■ Description of the task ■
Select and reproduce each line of the listing below that bears the string "DataStoreName".
*** Opening of Dataset extract ***
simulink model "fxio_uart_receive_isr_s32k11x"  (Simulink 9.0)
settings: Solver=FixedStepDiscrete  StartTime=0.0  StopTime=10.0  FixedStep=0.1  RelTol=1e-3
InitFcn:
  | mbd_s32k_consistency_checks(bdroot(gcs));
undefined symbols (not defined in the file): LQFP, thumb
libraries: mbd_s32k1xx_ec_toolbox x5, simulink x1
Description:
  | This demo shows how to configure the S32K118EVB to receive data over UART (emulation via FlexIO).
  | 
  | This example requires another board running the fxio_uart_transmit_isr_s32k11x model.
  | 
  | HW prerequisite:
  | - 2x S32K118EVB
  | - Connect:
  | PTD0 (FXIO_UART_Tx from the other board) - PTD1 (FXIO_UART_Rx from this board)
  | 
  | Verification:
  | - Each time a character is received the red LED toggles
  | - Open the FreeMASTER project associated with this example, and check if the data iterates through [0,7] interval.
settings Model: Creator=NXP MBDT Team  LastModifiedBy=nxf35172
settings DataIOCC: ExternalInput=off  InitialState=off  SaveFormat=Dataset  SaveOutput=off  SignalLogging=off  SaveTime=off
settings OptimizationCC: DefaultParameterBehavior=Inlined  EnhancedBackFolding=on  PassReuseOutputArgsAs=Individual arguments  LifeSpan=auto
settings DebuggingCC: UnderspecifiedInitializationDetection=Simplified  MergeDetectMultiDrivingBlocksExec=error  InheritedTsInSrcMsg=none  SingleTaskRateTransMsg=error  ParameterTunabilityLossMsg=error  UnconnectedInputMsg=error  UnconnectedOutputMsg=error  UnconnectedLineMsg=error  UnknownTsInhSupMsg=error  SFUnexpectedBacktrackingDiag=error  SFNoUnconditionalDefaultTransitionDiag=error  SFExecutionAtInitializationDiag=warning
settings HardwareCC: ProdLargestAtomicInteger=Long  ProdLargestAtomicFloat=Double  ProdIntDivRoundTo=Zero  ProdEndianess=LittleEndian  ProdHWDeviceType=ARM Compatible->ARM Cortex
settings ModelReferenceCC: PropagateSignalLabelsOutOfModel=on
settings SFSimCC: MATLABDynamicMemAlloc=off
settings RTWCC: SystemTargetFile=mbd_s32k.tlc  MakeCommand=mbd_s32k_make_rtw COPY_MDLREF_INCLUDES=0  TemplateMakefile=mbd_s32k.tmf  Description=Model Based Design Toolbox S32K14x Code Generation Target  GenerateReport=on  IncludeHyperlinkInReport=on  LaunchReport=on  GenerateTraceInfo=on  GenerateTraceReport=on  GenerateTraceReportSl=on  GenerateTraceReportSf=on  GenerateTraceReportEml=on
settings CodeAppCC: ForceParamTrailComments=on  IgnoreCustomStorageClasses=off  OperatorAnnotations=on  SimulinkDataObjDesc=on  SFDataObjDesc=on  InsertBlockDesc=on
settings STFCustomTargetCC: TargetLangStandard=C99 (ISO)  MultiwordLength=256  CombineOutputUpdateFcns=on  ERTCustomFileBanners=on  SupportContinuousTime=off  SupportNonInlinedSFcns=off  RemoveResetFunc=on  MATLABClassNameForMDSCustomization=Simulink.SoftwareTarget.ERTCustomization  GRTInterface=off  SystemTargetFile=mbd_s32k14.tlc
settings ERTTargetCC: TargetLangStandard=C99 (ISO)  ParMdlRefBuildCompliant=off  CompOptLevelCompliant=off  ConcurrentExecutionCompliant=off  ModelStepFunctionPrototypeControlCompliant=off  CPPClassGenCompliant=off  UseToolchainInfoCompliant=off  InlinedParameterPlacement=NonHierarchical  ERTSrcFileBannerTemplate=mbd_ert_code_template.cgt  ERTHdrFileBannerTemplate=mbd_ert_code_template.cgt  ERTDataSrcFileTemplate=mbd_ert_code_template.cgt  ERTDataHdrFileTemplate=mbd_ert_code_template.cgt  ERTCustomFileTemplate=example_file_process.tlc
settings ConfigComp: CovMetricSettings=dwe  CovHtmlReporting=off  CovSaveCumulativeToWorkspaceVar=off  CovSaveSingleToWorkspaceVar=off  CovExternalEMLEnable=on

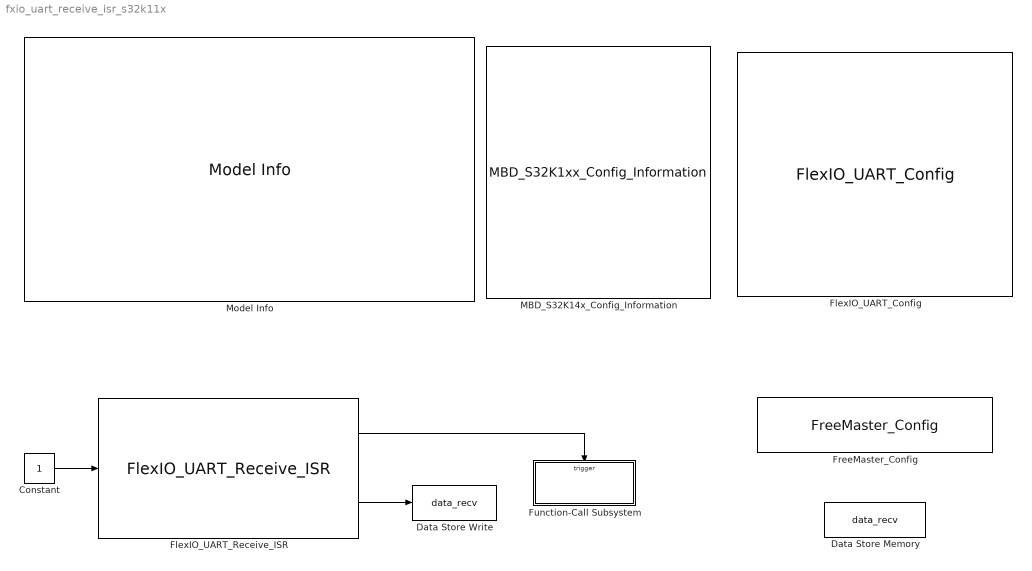
== system fxio_uart_receive_isr_s32k11x ==
  Constant : Constant  OutDataTypeStr=uint32
  Data Store Memory : DataStoreMemory  DataStoreName=data_recv  ReadBeforeWriteMsg=warning  WriteAfterWriteMsg=warning  WriteAfterReadMsg=warning  ShowAdditionalParam=off
  Data Store Write : DataStoreWrite  DataStoreName=data_recv
  "FlexIO_UART_Config " : mbd_s32k1xx_ec_toolbox/Communication Blocks/FlexIO Blocks /FlexIO UART Blocks/FlexIO_UART_Config   Priority=1  InstanceNumber=0  DriverType=Interrupts  BitCount=8  BaudRate=115200  TxPin=PTD0: [FXIO_D0 | FlexIO Bi-directional Shift/timer I/O]  RxPin=PTD1: [FXIO_D1 | FlexIO Bi-directional Shift/timer I/O]
  FlexIO_UART_Receive_ISR : mbd_s32k1xx_ec_toolbox/Communication Blocks/FlexIO Blocks /FlexIO UART Blocks/FlexIO_UART_Receive_ISR  Priority=1  InstanceNumber=0
  FreeMaster_Config : mbd_s32k1xx_ec_toolbox/Utility Blocks/FreeMaster_Config  interface=LPUART0  baudrate=115200  rxd=PTB0: [LPUART0_RX | Receive]  txd=PTB1: [LPUART0_TX | Transmit]  mode=Short Interrupt  isr_prio=2  show_adv_opts=on  use_scope=on  max_scope_vars=8  use_recorder=on  max_rec_vars=8  rec_buff_size=1024  rec_timebase=0 seconds  comm_buffer_size_auto=on  comm_buffer_size=255  comm_rqueue_size_default=on  comm_rqueue_size=32
  Function-Call Subsystem : Subsystem  TreatAsAtomicUnit=on
  MBD_S32K14x_Config_Information : mbd_s32k1xx_ec_toolbox/MBD_S32K1xx_Config_Information  Priority=0  mbdt_ver=0  disp_str=|  config_params=[]  mcu_target_name=S32K118  mcu_target_package=64-LQFP  mcu_target_sram_size=25KB  mcu_system_clock_freq=40  mcu_xtal_freq=External 40  mcu_steptick_timer=LPIT Channel 0  mcu_steptick_prio=0  ds_import_enable=on  target_compiler=GCC  target_memory=FLASH  gcc_target_compile_opts=-mcpu=cortex-m0plus -mthumb -O1 -g -gstrict-dwarf  gcc_target_assemble_opts=-mcpu=cortex-m0plus -mthumb -g  gcc_target_link_opts=-mcpu=cortex-m0plus -mthumb  gcc_target_default_lcf=on  gcc_target_user_lcf=S32K118_25_flash.ld  ghs_target_compile_opts=-mcpu=cortexm0plus -mthumb -fsoft -Ogeneral -Wundef -Wimplicit-int -Wshadow -Wtrigraphs --no_commons --gnu_asm -gnu99 -gdwarf-2 -G  ghs_target_assemble_opts=-mcpu=cortexm0plus -mthumb -fsoft --gnu_asm  ghs_target_link_opts=-mcpu=cortexm0plus -mthumb -fsoft  ghs_target_default_lcf=off  ghs_target_user_lcf=S32K118_25_flash.ld  iar_target_compile_opts=--thumb -Ol -e --debug --dlib_config normal  iar_target_assemble_opts=--thumb  iar_target_link_opts=--no_exceptions --vfe --inline  iar_target_default_lcf=off  iar_target_user_lcf=S32K118_25_flash.icf  pil_download_enable=off  rbl_download_enable=on  rbl_start_delay=5000000  rbl_download_interface=OpenSDA  rbl_restart_request=off  rbl_com_port=Custom  rbl_com_port_custom=COM1  pil_download_rate=57600  pil_opensda_drive=Custom  pil_opensda_drive_custom=D  pil_uart_instance=0  pil_uart_rx=PTB0: [LPUART0_RX | Receive]  pil_uart_tx=PTB1: [LPUART0_TX | Transmit]  FTM_PWM_PcrCheckEnDis=on  FTM_Input_Edge_Inputs_PcrCheckEnDis=on  FTM_Dual_Edge_Inputs_PcrCheckEnDis=on  FTM_Quadrature_Inputs_PcrCheckEnDis=on  FTM_Hall_Sensor_Inputs_PcrCheckEnDis=on  LPTMR_PcrCheckEnDis=on  PIT_PcrCheckEnDis=on  RTC_PcrCheckEnDis=on  FlexCAN_PcrCheckEnDis=on  LIN_PcrCheckEnDis=on  FlexIO_PcrCheckEnDis=on  LPI2C_PcrCheckEnDis=on  LPSPI_PcrCheckEnDis=on  LPUART_PcrCheckEnDis=on  CMP_PcrCheckEnDis=on  GPIO_OutputPcrCheckEnDis=on  GPIO_InputPcrCheckEnDis=on  SBC_PcrCheckEnDis=on  AMMCLIB_PcrCheckEnDis=on  FM_PcrCheckEnDis=on  Profile_PcrCheckEnDis=on  ConfigParams_PcrCheckEnDis=on  ModelRef_PcrCheckEnDis=on  PDB0_PcrCheckEnDis=on  CSEc_PcrCheckEnDis=on  eDMA_PcrCheckEnDis=on  ADC_PcrCheckEnDis=on  WDOG_PcrCheckEnDis=on
      | Target : S32K144-64KB_SRAM
      | Package : 100-pin
      | System clock : 80 MHz
      | XTAL clock : External 8 MHz
      | Compiler : GCC
      | Target Type : FLASH
      | Download Code after build : (OpenSDA: D)
      | Step Tick Interrupt Priority : 15
  Model Info : simulink/Model-Wide Utilities/Model Info  Frame=off  DisplayStringWithTags=|  HorizontalTextAlignment=Left  LeftAlignmentValue=0.02
      | Model Name: %<ModelName>
      | 
      | Description: %<Description>
  wires:
  Constant/1 -> FlexIO_UART_Receive_ISR/1
  FlexIO_UART_Receive_ISR/2 -> Data Store Write/1
  FlexIO_UART_Receive_ISR/1 -> Function-Call Subsystem/Trigger

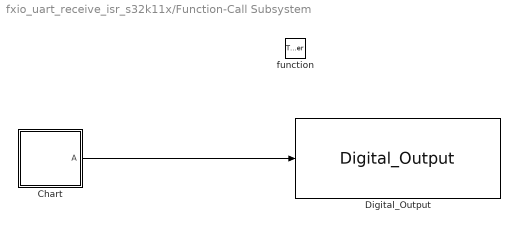
== system fxio_uart_receive_isr_s32k11x/Function-Call Subsystem ==
  function : TriggerPort  TriggerType=function-call  VariantControl=Variant
  Chart : Stateflow chart  TreatAsAtomicUnit=on
  Digital_Output : mbd_s32k1xx_ec_toolbox/GPIO Blocks/Digital_Output  gpio_pin=PTD16: [PTD16 | Port D I/O]  init_val=Low  drive_strength=Low
  wires:
  Chart/1(" A") -> Digital_Output/1

== stateflow chart Function-Call Subsystem/Chart ==
  state A
  state A1
  (default) -> A
  A -> A1
  A1 -> A
  data: A output boolean [0..1]
*** Close of Dataset extract ***
■ Final answer ■
  Data Store Memory : DataStoreMemory  DataStoreName=data_recv  ReadBeforeWriteMsg=warning  WriteAfterWriteMsg=warning  WriteAfterReadMsg=warning  ShowAdditionalParam=off
  Data Store Write : DataStoreWrite  DataStoreName=data_recv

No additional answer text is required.